- **EXERCISE BRIEF**
The answer should match the entries that follow exactly, except that no image appears in it.

- **RECORDS SUPPLIED**
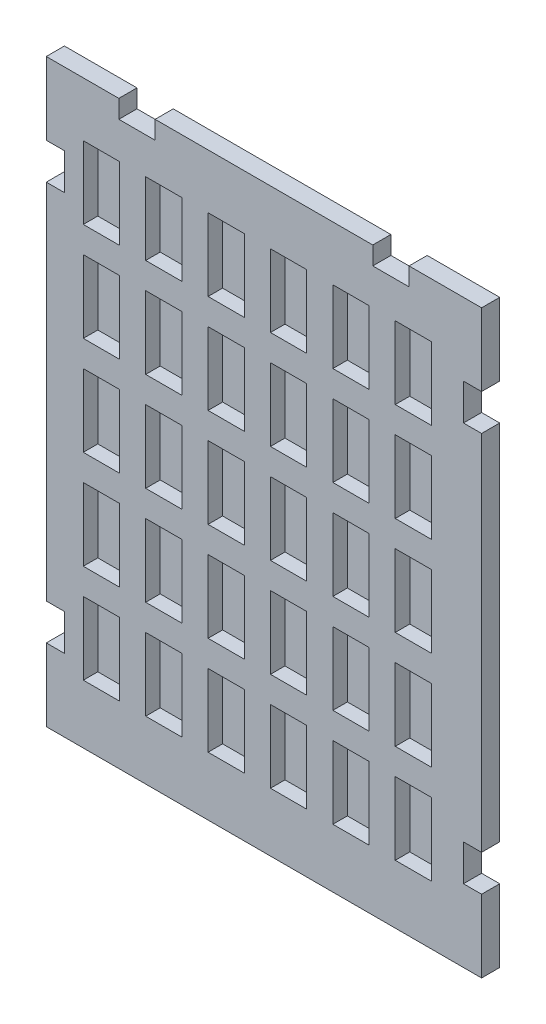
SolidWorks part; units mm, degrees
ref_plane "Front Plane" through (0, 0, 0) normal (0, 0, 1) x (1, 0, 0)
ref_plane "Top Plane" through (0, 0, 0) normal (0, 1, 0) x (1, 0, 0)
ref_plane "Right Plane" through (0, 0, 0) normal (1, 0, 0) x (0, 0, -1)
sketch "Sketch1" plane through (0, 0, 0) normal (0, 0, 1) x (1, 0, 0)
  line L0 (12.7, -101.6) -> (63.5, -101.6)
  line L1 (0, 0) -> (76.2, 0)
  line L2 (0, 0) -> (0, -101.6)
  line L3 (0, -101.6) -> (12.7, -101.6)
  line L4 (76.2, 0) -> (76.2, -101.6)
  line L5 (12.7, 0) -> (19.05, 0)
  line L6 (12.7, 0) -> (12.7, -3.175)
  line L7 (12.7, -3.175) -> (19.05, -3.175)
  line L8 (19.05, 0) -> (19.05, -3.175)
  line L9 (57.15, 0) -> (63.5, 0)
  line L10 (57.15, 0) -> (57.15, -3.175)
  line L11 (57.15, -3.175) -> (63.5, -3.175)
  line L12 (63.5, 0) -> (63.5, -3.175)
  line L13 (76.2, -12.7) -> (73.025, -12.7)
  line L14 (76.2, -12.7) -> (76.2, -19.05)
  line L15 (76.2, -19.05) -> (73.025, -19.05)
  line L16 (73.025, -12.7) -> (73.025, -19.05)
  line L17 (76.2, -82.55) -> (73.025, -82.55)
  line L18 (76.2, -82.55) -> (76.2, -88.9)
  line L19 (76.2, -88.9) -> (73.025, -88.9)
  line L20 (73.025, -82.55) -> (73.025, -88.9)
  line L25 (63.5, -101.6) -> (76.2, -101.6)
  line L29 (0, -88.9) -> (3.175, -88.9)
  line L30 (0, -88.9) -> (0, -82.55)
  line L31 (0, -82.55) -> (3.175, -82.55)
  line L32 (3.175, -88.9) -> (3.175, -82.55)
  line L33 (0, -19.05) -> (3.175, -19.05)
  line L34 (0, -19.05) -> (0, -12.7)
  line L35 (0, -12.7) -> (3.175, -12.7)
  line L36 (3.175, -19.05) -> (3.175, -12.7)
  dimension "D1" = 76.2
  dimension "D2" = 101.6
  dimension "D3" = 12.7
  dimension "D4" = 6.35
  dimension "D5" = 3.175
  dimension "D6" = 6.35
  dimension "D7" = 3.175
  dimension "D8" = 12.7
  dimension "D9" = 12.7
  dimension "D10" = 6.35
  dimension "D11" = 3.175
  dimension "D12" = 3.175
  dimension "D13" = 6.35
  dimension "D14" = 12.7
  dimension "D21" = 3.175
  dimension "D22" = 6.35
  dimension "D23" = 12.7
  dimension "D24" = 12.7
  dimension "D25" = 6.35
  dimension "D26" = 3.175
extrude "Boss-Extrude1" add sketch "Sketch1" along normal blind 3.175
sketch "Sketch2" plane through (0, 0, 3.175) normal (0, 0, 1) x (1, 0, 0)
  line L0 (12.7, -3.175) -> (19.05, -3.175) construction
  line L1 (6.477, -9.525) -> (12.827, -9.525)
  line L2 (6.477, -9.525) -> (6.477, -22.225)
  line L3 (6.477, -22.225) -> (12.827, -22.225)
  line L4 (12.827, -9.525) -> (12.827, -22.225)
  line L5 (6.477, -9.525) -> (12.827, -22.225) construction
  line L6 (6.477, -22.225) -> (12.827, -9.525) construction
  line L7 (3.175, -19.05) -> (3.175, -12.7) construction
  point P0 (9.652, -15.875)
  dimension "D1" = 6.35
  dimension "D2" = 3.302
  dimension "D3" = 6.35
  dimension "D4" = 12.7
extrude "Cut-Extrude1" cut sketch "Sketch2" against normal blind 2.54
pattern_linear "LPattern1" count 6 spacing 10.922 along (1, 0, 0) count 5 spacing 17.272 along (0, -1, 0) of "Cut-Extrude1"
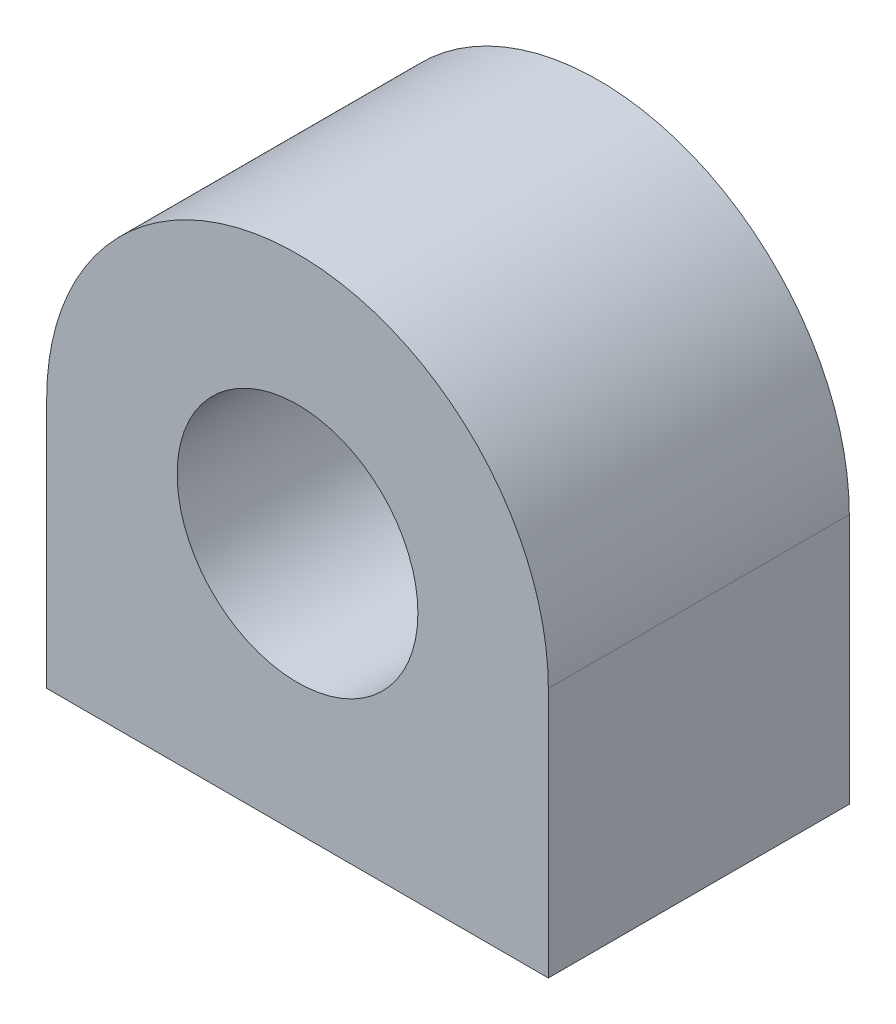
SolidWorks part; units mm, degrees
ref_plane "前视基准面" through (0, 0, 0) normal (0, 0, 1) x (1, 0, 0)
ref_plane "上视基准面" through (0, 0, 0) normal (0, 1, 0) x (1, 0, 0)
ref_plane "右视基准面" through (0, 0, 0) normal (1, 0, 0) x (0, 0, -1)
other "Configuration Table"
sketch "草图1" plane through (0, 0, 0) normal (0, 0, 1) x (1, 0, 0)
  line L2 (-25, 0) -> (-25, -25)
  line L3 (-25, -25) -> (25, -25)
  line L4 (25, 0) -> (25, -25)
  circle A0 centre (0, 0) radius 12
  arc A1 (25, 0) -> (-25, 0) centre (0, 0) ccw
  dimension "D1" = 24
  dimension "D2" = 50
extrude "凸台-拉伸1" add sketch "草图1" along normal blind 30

- **TASK RESPONSE**
SolidWorks part; units mm, degrees
ref_plane "Front Plane" through (0, 0, 0) normal (0, 0, 1) x (1, 0, 0)
ref_plane "Top Plane" through (0, 0, 0) normal (0, 1, 0) x (1, 0, 0)
ref_plane "Right Plane" through (0, 0, 0) normal (1, 0, 0) x (0, 0, -1)
sketch "Sketch1" plane through (0, 0, 0) normal (0, 0, 1) x (1, 0, 0)
  line L0 (12.7, -101.6) -> (63.5, -101.6)
  line L1 (0, 0) -> (76.2, 0)
  line L2 (0, 0) -> (0, -101.6)
  line L3 (0, -101.6) -> (12.7, -101.6)
  line L4 (76.2, 0) -> (76.2, -101.6)
  line L5 (12.7, 0) -> (19.05, 0)
  line L6 (12.7, 0) -> (12.7, -3.175)
  line L7 (12.7, -3.175) -> (19.05, -3.175)
  line L8 (19.05, 0) -> (19.05, -3.175)
  line L9 (57.15, 0) -> (63.5, 0)
  line L10 (57.15, 0) -> (57.15, -3.175)
  line L11 (57.15, -3.175) -> (63.5, -3.175)
  line L12 (63.5, 0) -> (63.5, -3.175)
  line L13 (76.2, -12.7) -> (73.025, -12.7)
  line L14 (76.2, -12.7) -> (76.2, -19.05)
  line L15 (76.2, -19.05) -> (73.025, -19.05)
  line L16 (73.025, -12.7) -> (73.025, -19.05)
  line L17 (76.2, -82.55) -> (73.025, -82.55)
  line L18 (76.2, -82.55) -> (76.2, -88.9)
  line L19 (76.2, -88.9) -> (73.025, -88.9)
  line L20 (73.025, -82.55) -> (73.025, -88.9)
  line L25 (63.5, -101.6) -> (76.2, -101.6)
  line L29 (0, -88.9) -> (3.175, -88.9)
  line L30 (0, -88.9) -> (0, -82.55)
  line L31 (0, -82.55) -> (3.175, -82.55)
  line L32 (3.175, -88.9) -> (3.175, -82.55)
  line L33 (0, -19.05) -> (3.175, -19.05)
  line L34 (0, -19.05) -> (0, -12.7)
  line L35 (0, -12.7) -> (3.175, -12.7)
  line L36 (3.175, -19.05) -> (3.175, -12.7)
  dimension "D1" = 76.2
  dimension "D2" = 101.6
  dimension "D3" = 12.7
  dimension "D4" = 6.35
  dimension "D5" = 3.175
  dimension "D6" = 6.35
  dimension "D7" = 3.175
  dimension "D8" = 12.7
  dimension "D9" = 12.7
  dimension "D10" = 6.35
  dimension "D11" = 3.175
  dimension "D12" = 3.175
  dimension "D13" = 6.35
  dimension "D14" = 12.7
  dimension "D21" = 3.175
  dimension "D22" = 6.35
  dimension "D23" = 12.7
  dimension "D24" = 12.7
  dimension "D25" = 6.35
  dimension "D26" = 3.175
extrude "Boss-Extrude1" add sketch "Sketch1" along normal blind 3.175
sketch "Sketch2" plane through (0, 0, 3.175) normal (0, 0, 1) x (1, 0, 0)
  line L0 (12.7, -3.175) -> (19.05, -3.175) construction
  line L1 (6.477, -9.525) -> (12.827, -9.525)
  line L2 (6.477, -9.525) -> (6.477, -22.225)
  line L3 (6.477, -22.225) -> (12.827, -22.225)
  line L4 (12.827, -9.525) -> (12.827, -22.225)
  line L5 (6.477, -9.525) -> (12.827, -22.225) construction
  line L6 (6.477, -22.225) -> (12.827, -9.525) construction
  line L7 (3.175, -19.05) -> (3.175, -12.7) construction
  point P0 (9.652, -15.875)
  dimension "D1" = 6.35
  dimension "D2" = 3.302
  dimension "D3" = 6.35
  dimension "D4" = 12.7
extrude "Cut-Extrude1" cut sketch "Sketch2" against normal blind 2.54
pattern_linear "LPattern1" count 6 spacing 10.922 along (1, 0, 0) count 5 spacing 17.272 along (0, -1, 0) of "Cut-Extrude1"
SolidWorks part; units mm, degrees
ref_plane "前视基准面" through (0, 0, 0) normal (0, 0, 1) x (1, 0, 0)
ref_plane "上视基准面" through (0, 0, 0) normal (0, 1, 0) x (1, 0, 0)
ref_plane "右视基准面" through (0, 0, 0) normal (1, 0, 0) x (0, 0, -1)
other "Configuration Table"
sketch "草图1" plane through (0, 0, 0) normal (0, 0, 1) x (1, 0, 0)
  line L2 (-25, 0) -> (-25, -25)
  line L3 (-25, -25) -> (25, -25)
  line L4 (25, 0) -> (25, -25)
  circle A0 centre (0, 0) radius 12
  arc A1 (25, 0) -> (-25, 0) centre (0, 0) ccw
  dimension "D1" = 24
  dimension "D2" = 50
extrude "凸台-拉伸1" add sketch "草图1" along normal blind 30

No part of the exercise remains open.